Poster Presentation 
 Stefan Rach 
Department of Psychology, Oldenburg University, Germany 
Adele Diederich 
		School of Humanities and Social Sciences, International University Bremen, Germany      Abstract ID Number: 29      Full text: 
Not available      Last modified: 
March 6, 2006 
     Presentation date: 06/19/2006 10:00 AM in Hamilton Building, Foyer 
     (View Schedule) 
		Abstract 
		
		Neurophysiological studies on higher mammals suggest that the benefits of multisensory integration are larger for less intense stimuli, that is, inverse effectiveness: the relative amount of multisensory response enhancement (MRE) is inversely related to stimulus intensity (Stein & Meredith, 1993, MIT Press).
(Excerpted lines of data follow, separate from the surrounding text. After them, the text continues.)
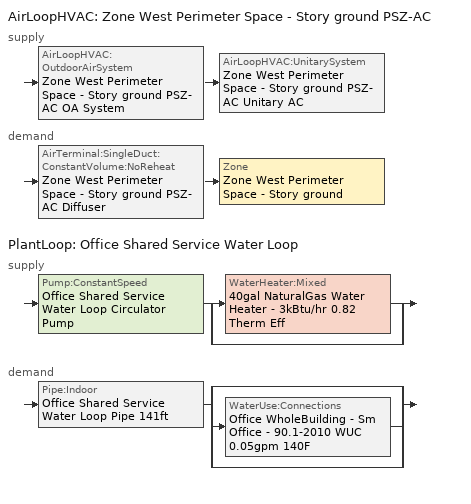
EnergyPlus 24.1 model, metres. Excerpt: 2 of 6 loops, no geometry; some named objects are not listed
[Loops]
AirLoopHVAC 'Zone West Perimeter Space - Story ground PSZ-AC'
 supply: AirLoopHVAC:OutdoorAirSystem 'Zone West Perimeter Space - Story ground PSZ-AC OA System' > AirLoopHVAC:UnitarySystem 'Zone West Perimeter Space - Story ground PSZ-AC Unitary AC'
 demand: AirTerminal:SingleDuct:ConstantVolume:NoReheat 'Zone West Perimeter Space - Story ground PSZ-AC Diffuser' > Zone 'Zone West Perimeter Space - Story ground'
PlantLoop 'Office Shared Service Water Loop'
 supply: Pump:ConstantSpeed 'Office Shared Service Water Loop Circulator Pump' > split
  | WaterHeater:Mixed '40gal NaturalGas Water Heater - 3kBtu/hr 0.82 Therm Eff'
  | bypass
 demand: Pipe:Indoor 'Office Shared Service Water Loop Pipe 141ft' > split
  | bypass
  | WaterUse:Connections 'Office WholeBuilding - Sm Office - 90.1-2010 WUC 0.05gpm 140F'
  | bypass
[Material] Roughness=Smooth; Thermal Absorptance=0.9; Solar Absorptance=0.7; Visible Absorptance=0.7
Name | Thickness {m} | Conductivity {W/m-K} | Density {kg/m3} | Specific Heat {J/kg-K}
Copper pipe 0.75in type L | 0.001143 | 386 | 8906.27 | 385.1856
Fiberglass batt 0.5in | 0.0127 | 0.0663448 | 11.2129 | 837.36
[Construction]
Copper pipe 0.75in type L with 0.5in fiberglass batt: Fiberglass batt 0.5in, Copper pipe 0.75in type L
[ZoneControl:Thermostat]
Zone West Perimeter Space - Story ground Thermostat: Zone or ZoneList=Zone West Perimeter Space - Story ground; Control Type Schedule=Zone West Perimeter Space - Story ground Thermostat Schedule; Control 1=Office WholeBuilding - Sm Office - 90.1-2010 Thermostat 4; Temperature Difference Between Cutout And Setpoint {deltaC}=0
[ThermostatSetpoint:DualSetpoint]
Office WholeBuilding - Sm Office - 90.1-2010 Thermostat 4: Heating Setpoint Temperature Schedule=OfficeSmall HTGSETP_SCH_NO_OPTIMUM; Cooling Setpoint Temperature Schedule=OfficeSmall CLGSETP_SCH_NO_OPTIMUM
[AirTerminal:SingleDuct:ConstantVolume:NoReheat]
Zone West Perimeter Space - Story ground PSZ-AC Diffuser: Availability Schedule=Always On Discrete; Maximum Air Flow Rate {m3/s}=AutoSize
[Zone equipment]
Zone West Perimeter Space - Story ground: Zone West Perimeter Space - Story ground PSZ-AC Diffuser
[Sizing:Zone]
Zone West Perimeter Space - Story ground: Zone Cooling Design Supply Air Temperature Input Method=SupplyAirTemperature; Zone Cooling Design Supply Air Temperature {C}=12.7778; Zone Cooling Design Supply Air Temperature Difference {deltaC}=11.11; Zone Heating Design Supply Air Temperature Input Method=SupplyAirTemperature; Zone Heating Design Supply Air Temperature {C}=50; Zone Heating Design Supply Air Temperature Difference {deltaC}=11.11; Zone Cooling Design Supply Air Humidity Ratio {kgWater/kgDryAir}=0.0085; Zone Heating Design Supply Air Humidity Ratio {kgWater/kgDryAir}=0.008; Design Specification Outdoor Air Object=Zone West Perimeter Space - Story ground DSOA Space List; Cooling Design Air Flow Method=DesignDay; Cooling Design Air Flow Rate {m3/s}=0; Cooling Minimum Air Flow per Zone Floor Area {m3/s-m2}=0.000762; Cooling Minimum Air Flow {m3/s}=0; Cooling Minimum Air Flow Fraction=0; Heating Design Air Flow Method=DesignDay; Heating Design Air Flow Rate {m3/s}=0; Heating Maximum Air Flow per Zone Floor Area {m3/s-m2}=0.002032; Heating Maximum Air Flow {m3/s}=0.141576; Heating Maximum Air Flow Fraction=0.3; Account for Dedicated Outdoor Air System=No; Zone Load Sizing Method=Sensible Load Only No Latent Load; Zone Latent Cooling Design Supply Air Humidity Ratio Input Method=HumidityRatioDifference; Zone Cooling Design Supply Air Humidity Ratio Difference {kgWater/kgDryAir}=0.005; Zone Latent Heating Design Supply Air Humidity Ratio Input Method=HumidityRatioDifference; Zone Humidification Design Supply Air Humidity Ratio Difference {kgWater/kgDryAir}=0.005
[Controller:MechanicalVentilation]
Controller Mechanical Ventilation 5: Availability Schedule=Zone West Perimeter Space - Story ground PSZ-AC Occ Sch; Demand Controlled Ventilation=No; System Outdoor Air Method=ZoneSum; Zone or ZoneList Name 1=Zone West Perimeter Space - Story ground; Design Specification Outdoor Air Object Name 1=Office WholeBuilding - Sm Office Ventilation
[DesignSpecification:OutdoorAir]
Office WholeBuilding - Sm Office Ventilation: Outdoor Air Method=Sum; Outdoor Air Flow per Person {m3/s-person}=0; Outdoor Air Flow per Zone Floor Area {m3/s-m2}=0.0004318; Outdoor Air Flow per Zone {m3/s}=0; Outdoor Air Flow Air Changes per Hour {1/hr}=0
[DesignSpecification:OutdoorAir:SpaceList]
Zone West Perimeter Space - Story ground DSOA Space List: Space Name 1=West Perimeter Space - Story ground; Space Design Specification Outdoor Air Object Name 1=Office WholeBuilding - Sm Office Ventilation
[AirLoopHVAC]
Zone West Perimeter Space - Story ground PSZ-AC: Design Supply Air Flow Rate {m3/s}=AutoSize; Design Return Air Flow Fraction of Supply Air Flow=1
[Sizing:System]
Zone West Perimeter Space - Story ground PSZ-AC: Type of Load to Size On=Sensible; Design Outdoor Air Flow Rate {m3/s}=Autosize; Central Heating Maximum System Air Flow Ratio=1; Preheat Design Temperature {C}=7.22222; Preheat Design Humidity Ratio {kgWater/kgDryAir}=0.008; Precool Design Temperature {C}=12.7778; Precool Design Humidity Ratio {kgWater/kgDryAir}=0.008; Central Cooling Design Supply Air Temperature {C}=12.7778; Central Heating Design Supply Air Temperature {C}=50; Type of Zone Sum to Use=Coincident; 100% Outdoor Air in Cooling=No; 100% Outdoor Air in Heating=No; Central Cooling Design Supply Air Humidity Ratio {kgWater/kgDryAir}=0.0085; Central Heating Design Supply Air Humidity Ratio {kgWater/kgDryAir}=0.008; Cooling Supply Air Flow Rate Method=DesignDay; Cooling Supply Air Flow Rate {m3/s}=0; Cooling Supply Air Flow Rate Per Floor Area {m3/s-m2}=0.00996765; Cooling Fraction of Autosized Cooling Supply Air Flow Rate=1; Cooling Supply Air Flow Rate Per Unit Cooling Capacity {m3/s-W}=3.94755e-05; Heating Supply Air Flow Rate Method=DesignDay; Heating Supply Air Flow Rate {m3/s}=0; Heating Supply Air Flow Rate Per Floor Area {m3/s-m2}=0.00996765; Heating Fraction of Autosized Heating Supply Air Flow Rate=1; Heating Fraction of Autosized Cooling Supply Air Flow Rate=1; Heating Supply Air Flow Rate Per Unit Heating Capacity {m3/s-W}=3.15882e-05; System Outdoor Air Method=ZoneSum; Zone Maximum Outdoor Air Fraction=1; Cooling Design Capacity Method=CoolingDesignCapacity; Cooling Design Capacity {W}=Autosize; Cooling Design Capacity Per Floor Area {W/m2}=234.7; Fraction of Autosized Cooling Design Capacity=1; Heating Design Capacity Method=HeatingDesignCapacity; Heating Design Capacity {W}=Autosize; Heating Design Capacity Per Floor Area {W/m2}=157; Fraction of Autosized Heating Design Capacity=1; Central Cooling Capacity Control Method=OnOff; Occupant Diversity=Autosize
[Controller:OutdoorAir]
Zone West Perimeter Space - Story ground PSZ-AC OA System Controller: Minimum Outdoor Air Flow Rate {m3/s}=Autosize; Maximum Outdoor Air Flow Rate {m3/s}=Autosize; Economizer Control Type=NoEconomizer; Economizer Control Action Type=ModulateFlow; Economizer Maximum Limit Dry-Bulb Temperature {C}=28; Economizer Maximum Limit Enthalpy {J/kg}=64000; Lockout Type=LockoutWithHeating; Minimum Limit Type=FixedMinimum; Minimum Outdoor Air Schedule=Zone West Perimeter Space - Story ground PSZ-AC Occ Sch; Maximum Fraction of Outdoor Air Schedule=ems_Zone_West_Perimeter_Space___Story_ground_PSZ_AC_maxOASch; Mechanical Ventilation Controller=Controller Mechanical Ventilation 5; High Humidity Control=No; High Humidity Outdoor Air Flow Ratio=1; Control High Indoor Humidity Based on Outdoor Humidity Ratio=Yes; Heat Recovery Bypass Control Type=BypassWhenWithinEconomizerLimits; Economizer Operation Staging=InterlockedWithMechanicalCooling
[SetpointManager:MixedAir]
Zone West Perimeter Space - Story ground PSZ-AC Mixed Air Node OS Default SPM: Control Variable=Temperature; Setpoint Node or NodeList=Zone West Perimeter Space - Story ground PSZ-AC Mixed Air Node
[AirLoopHVAC:UnitarySystem]
Zone West Perimeter Space - Story ground PSZ-AC Unitary AC: Control Type=Load; Controlling Zone or Thermostat Location=Zone West Perimeter Space - Story ground; Dehumidification Control Type=None; Availability Schedule=Always On Discrete; Supply Fan=Zone West Perimeter Space - Story ground PSZ-AC Fan; Fan Placement=DrawThrough; Supply Air Fan Operating Mode Schedule=Zone West Perimeter Space - Story ground PSZ-AC Occ Sch; Heating Coil=Zone West Perimeter Space - Story ground PSZ-AC Gas Htg Coil 15kBtu/hr 0.8 Thermal Eff; DX Heating Coil Sizing Ratio=1; Cooling Coil=Zone West Perimeter Space - Story ground PSZ-AC 1spd DX AC Clg Coil 7kBtu/hr 13.0SEER; Use DOAS DX Cooling Coil=No; Minimum Supply Air Temperature {C}=2; Latent Load Control=SensibleOnlyLoadControl; Supplemental Heating Coil=Zone West Perimeter Space - Story ground PSZ-AC No Heat; Cooling Supply Air Flow Rate Method=SupplyAirFlowRate; Cooling Supply Air Flow Rate {m3/s}=Autosize; Heating Supply Air Flow Rate Method=SupplyAirFlowRate; Heating Supply Air Flow Rate {m3/s}=Autosize; No Load Supply Air Flow Rate Method=None; No Load Supply Air Flow Rate Control Set To Low Speed=Yes; Maximum Supply Air Temperature {C}=80; Maximum Outdoor Dry-Bulb Temperature for Supplemental Heater Operation {C}=21; Ancillary On-Cycle Electric Power {W}=0; Ancillary Off-Cycle Electric Power {W}=0
[Fan:OnOff]
Zone West Perimeter Space - Story ground PSZ-AC Fan: Availability Schedule=Always On Discrete; Fan Total Efficiency=0.55575; Pressure Rise {Pa}=622.722; Maximum Flow Rate {m3/s}=Autosize; Motor Efficiency=0.855; Motor In Airstream Fraction=1; Fan Power Ratio Function of Speed Ratio Curve=Fan On Off Power Curve 4; Fan Efficiency Ratio Function of Speed Ratio Curve=Fan On Off Efficiency Curve 4
[Coil:Heating:Fuel]
Zone West Perimeter Space - Story ground PSZ-AC Gas Htg Coil 15kBtu/hr 0.8 Thermal Eff: Availability Schedule=Always On Discrete; Fuel Type=NaturalGas; Burner Efficiency=0.8; Nominal Capacity {W}=AutoSize; On Cycle Parasitic Electric Load {W}=0; Off Cycle Parasitic Fuel Load {W}=0
[Coil:Cooling:DX:SingleSpeed]
Zone West Perimeter Space - Story ground PSZ-AC 1spd DX AC Clg Coil 7kBtu/hr 13.0SEER: Availability Schedule=Always On Discrete; Gross Rated Total Cooling Capacity {W}=Autosize; Gross Rated Sensible Heat Ratio=Autosize; Gross Rated Cooling COP {W/W}=3.6504; Rated Air Flow Rate {m3/s}=Autosize; Rated Evaporator Fan Power Per Volume Flow Rate 2017 {W/(m3/s)}=773.3; Rated Evaporator Fan Power Per Volume Flow Rate 2023 {W/(m3/s)}=934.4; Total Cooling Capacity Function of Temperature Curve=PSZ-Fine Storage DX Coil Cap-FT; Total Cooling Capacity Function of Flow Fraction Curve=DX Coil Cap-FF; Energy Input Ratio Function of Temperature Curve=PSZ-AC DX Coil EIR-FT; Energy Input Ratio Function of Flow Fraction Curve=Split DX Coil EIR-FF; Part Load Fraction Correlation Curve=HPACCOOLPLFFPLR; Minimum Outdoor Dry-Bulb Temperature for Compressor Operation {C}=-25; Nominal Time for Condensate Removal to Begin {s}=0; Ratio of Initial Moisture Evaporation Rate and Steady State Latent Capacity=0; Maximum Cycling Rate {cycles/hr}=0; Latent Capacity Time Constant {s}=0; Condenser Type=AirCooled; Evaporative Condenser Effectiveness=0.9; Evaporative Condenser Air Flow Rate {m3/s}=Autosize; Evaporative Condenser Pump Rated Power Consumption {W}=Autosize; Crankcase Heater Capacity {W}=0; Maximum Outdoor Dry-Bulb Temperature for Crankcase Heater Operation {C}=10; Basin Heater Capacity {W/K}=0; Basin Heater Setpoint Temperature {C}=2
[Coil:Heating:Electric]
Zone West Perimeter Space - Story ground PSZ-AC No Heat: Availability Schedule=Always Off Discrete; Efficiency=1; Nominal Capacity {W}=0
[SetpointManager:SingleZone:Reheat]
Zone West Perimeter Space - Story ground Setpoint Manager SZ Reheat: Control Variable=Temperature; Minimum Supply Air Temperature {C}=12.7778; Maximum Supply Air Temperature {C}=50; Control Zone=Zone West Perimeter Space - Story ground; Setpoint Node or NodeList=Zone West Perimeter Space - Story ground PSZ-AC Supply Outlet Node
[PlantLoop]
Office Shared Service Water Loop: Fluid Type=Water; Plant Equipment Operation Scheme=Office Shared Service Water Loop Operation Schemes; Maximum Loop Temperature {C}=60; Minimum Loop Temperature {C}=10; Maximum Loop Flow Rate {m3/s}=Autosize; Minimum Loop Flow Rate {m3/s}=0; Plant Loop Volume {m3}=Autocalculate; Load Distribution Scheme=Optimal; Plant Loop Demand Calculation Scheme=SingleSetpoint; Common Pipe Simulation=None
[Sizing:Plant]
Office Shared Service Water Loop: Loop Type=Heating; Design Loop Exit Temperature {C}=60; Loop Design Temperature Difference {deltaC}=5; Sizing Option=NonCoincident; Zone Timesteps in Averaging Window=1; Coincident Sizing Factor Mode=None
[Pump:ConstantSpeed]
Office Shared Service Water Loop Circulator Pump: Design Flow Rate {m3/s}=Autosize; Design Pump Head {Pa}=29890.7; Design Power Consumption {W}=Autosize; Motor Efficiency=0.855; Fraction of Motor Inefficiencies to Fluid Stream=0; Pump Control Type=Intermittent; Design Power Sizing Method=PowerPerFlowPerPressure; Design Electric Power per Unit Flow Rate {W/(m3/s)}=348701.1; Design Shaft Power per Unit Flow Rate per Unit Head {W-s/m3-Pa}=1.28205
[WaterHeater:Mixed]
40gal NaturalGas Water Heater - 3kBtu/hr 0.82 Therm Eff: Tank Volume {m3}=0.151416; Setpoint Temperature Schedule=Service Water Loop Temp - 140F; Deadband Temperature Difference {deltaC}=2; Maximum Temperature Limit {C}=60; Heater Control Type=Cycle; Heater Maximum Capacity {W}=838.944; Heater Ignition Minimum Flow Rate {m3/s}=0; Heater Ignition Delay {s}=0; Heater Fuel Type=NaturalGas; Heater Thermal Efficiency=0.82; Off Cycle Parasitic Fuel Consumption Rate {W}=0; Off Cycle Parasitic Fuel Type=NaturalGas; Off Cycle Parasitic Heat Fraction to Tank=0; On Cycle Parasitic Fuel Consumption Rate {W}=0; On Cycle Parasitic Fuel Type=NaturalGas; On Cycle Parasitic Heat Fraction to Tank=0; Ambient Temperature Indicator=Schedule; Ambient Temperature Schedule=Water Heater Ambient Temp Schedule 71.6F; Off Cycle Loss Coefficient to Ambient Temperature {W/K}=0.293509; Off Cycle Loss Fraction to Zone=1; On Cycle Loss Coefficient to Ambient Temperature {W/K}=0.293509; On Cycle Loss Fraction to Zone=1; Use Side Effectiveness=1; Source Side Effectiveness=1; Use Side Design Flow Rate {m3/s}=Autosize; Source Side Design Flow Rate {m3/s}=Autosize; Indirect Water Heating Recovery Time {hr}=1.5; Source Side Flow Control Mode=IndirectHeatPrimarySetpoint
[WaterHeater:Sizing]
40gal NaturalGas Water Heater - 3kBtu/hr 0.82 Therm Eff: Design Mode=PeakDraw; Time Storage Can Meet Peak Draw {hr}=0.538503; Time for Tank Recovery {hr}=0; Nominal Tank Volume for Autosizing Plant Connections {m3}=1
[SetpointManager:Scheduled]
Service hot water setpoint manager: Control Variable=Temperature; Schedule=Service Water Loop Temp - 140F; Setpoint Node or NodeList=Office Shared Service Water Loop Supply Outlet Node
[Pipe:Indoor]
Office Shared Service Water Loop Pipe 141ft: Construction=Copper pipe 0.75in type L with 0.5in fiberglass batt; Environment Type=Schedule; Ambient Temperature Schedule=Office Shared Service Water Loop Piping Air Temp - 70F; Ambient Air Velocity Schedule=Office Shared Service Water Loop Piping Air Velocity - 0.67mph; Pipe Inside Diameter {m}=0.019939; Pipe Length {m}=43.1052
[WaterUse:Connections]
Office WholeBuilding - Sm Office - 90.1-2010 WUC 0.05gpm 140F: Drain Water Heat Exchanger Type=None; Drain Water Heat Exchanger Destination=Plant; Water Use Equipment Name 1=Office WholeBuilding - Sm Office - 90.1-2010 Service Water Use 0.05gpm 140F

This finding is supported by behavioral studies on humans that showed an inverse relation between the magnitude of intersensory facilitation and stimulus intensity.  
 
Two experiments were conducted to investigate whether inverse effectiveness might apply also to stimulus duration. Participants were required to perform saccades to visual targets positioned left or right from fixation, while, on some trials, ignoring tactile non-targets that were presented either spatially aligned or contralateral to the visual target (focused attention paradigm). Stimulus duration of both target and non-target varied. Saccadic reaction times were recorded. 
 
Both experiments revealed that the largest relative amount of intersensory facilitation (in terms of MRE)  was elicited by the shortest stimuli and that MRE decreased with increasing stimulus duration, thus, inverse effectiveness of stimulus duration.